RDS pricing considerations in AWS - Time & Space Complexity
When using Amazon RDS, it's important to understand how costs grow as you add more resources or use more features.
We want to know how the number of resources or operations affects the total price.
Analyze the cost growth when creating multiple RDS instances with backups and storage.
for i in range(n):
aws rds create-db-instance \
--db-instance-identifier db-instance-"$i" \
--allocated-storage 20 \
--backup-retention-period 7 \
--db-instance-class db.t3.medium
This sequence creates n RDS instances, each with storage and backup enabled.
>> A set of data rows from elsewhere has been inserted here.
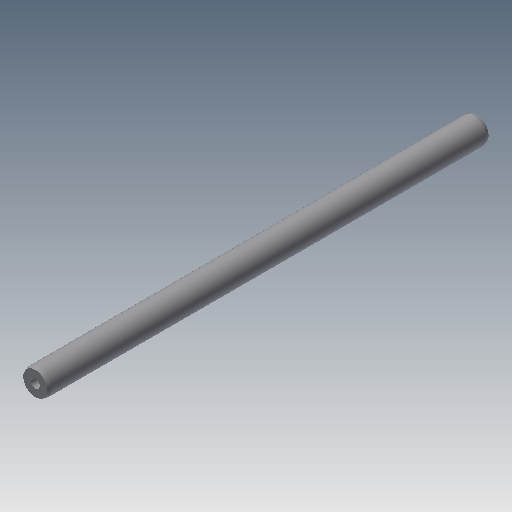
# Autodesk Inventor part: ER4_CageRod
Saved by Autodesk Inventor 2019 (Build 230136000, 136)
## iProperties
Created: 2014-02-10
Part Number: ER4_CageRod
Material: Generic
Document SubType Name: Modeling
Designer: voigt
Density: 1 g/cm^3
Appearance: Default
Author: voigt
Autodesk Inventor part; units mm, degrees
ref_plane "YZ Plane" through (0, 0, 0) normal (1, 0, 0) x (0, 1, 0)
ref_plane "XZ Plane" through (0, 0, 0) normal (0, 1, 0) x (-1, 0, 0)
ref_plane "XY Plane" through (0, 0, 0) normal (0, 0, 1) x (1, 0, 0)
sketch "Sketch1" plane through (0, 0, 0) normal (0, 0, 1) x (1, 0, 0)
  circle A0 centre (0, 0) radius 3
  dimension "d0" = 6
  constraints: 1 centre point, 1 coincident
  measures "d0" diameter of A0
extrude "Extrusion1" add sketch "Sketch1" along normal blind 101.6
chamfer "Chamfer1" distance 0.254 distance2 0.762 1 edges at (-3, 0, 0) measured on face at (-0.5351, 1.0949, 0)
chamfer "Chamfer2" distance 0.254 distance2 0.762 1 edges at (-3, 0, 101.6) measured on face at (-0.5351, 1.0949, 101.6)
sketch "Sketch2" plane through (0, 0, 0) normal (0, 0, -1) x (-1, 0, 0)
  circle A0 centre (0, 0) radius 2.746 projected
  constraints: 1 coincident
sketch "Sketch3" plane through (0, 0, 101.6) normal (0, 0, 1) x (1, 0, 0)
  circle A0 centre (0, 0) radius 2.746 projected
  constraints: 1 coincident
hole "Hole1" at (0, 0, 0) direction (0, 0, 1) diameter 2.156 depth 5 tip angle 118
hole "Hole2" at (0, 0, 101.6) direction (0, 0, -1) diameter 2.156 depth 5 tip angle 118
body "Solid1"

Look at what repeats as n grows.
- Primary operation: Creating an RDS instance with storage and backup.
- How many times: Once per instance, so n times.
Each new instance adds a fixed cost for storage and backup.
| Input Size (n) | Approx. Number of Instances |
|---|---|
| 10 | 10 instances |
| 100 | 100 instances |
| 1000 | 1000 instances |
Cost grows directly with the number of instances you create.
Time Complexity: O(n)
This means cost increases in a straight line as you add more RDS instances.
[X] Wrong: "Adding more instances won't increase cost much because backups are shared."
[OK] Correct: Each instance has its own storage and backup costs, so costs add up with each new instance.
Understanding how costs grow with resource count helps you design cloud solutions that stay affordable as they scale.
What if we changed backup retention from 7 days to 14 days? How would the time complexity of cost growth change?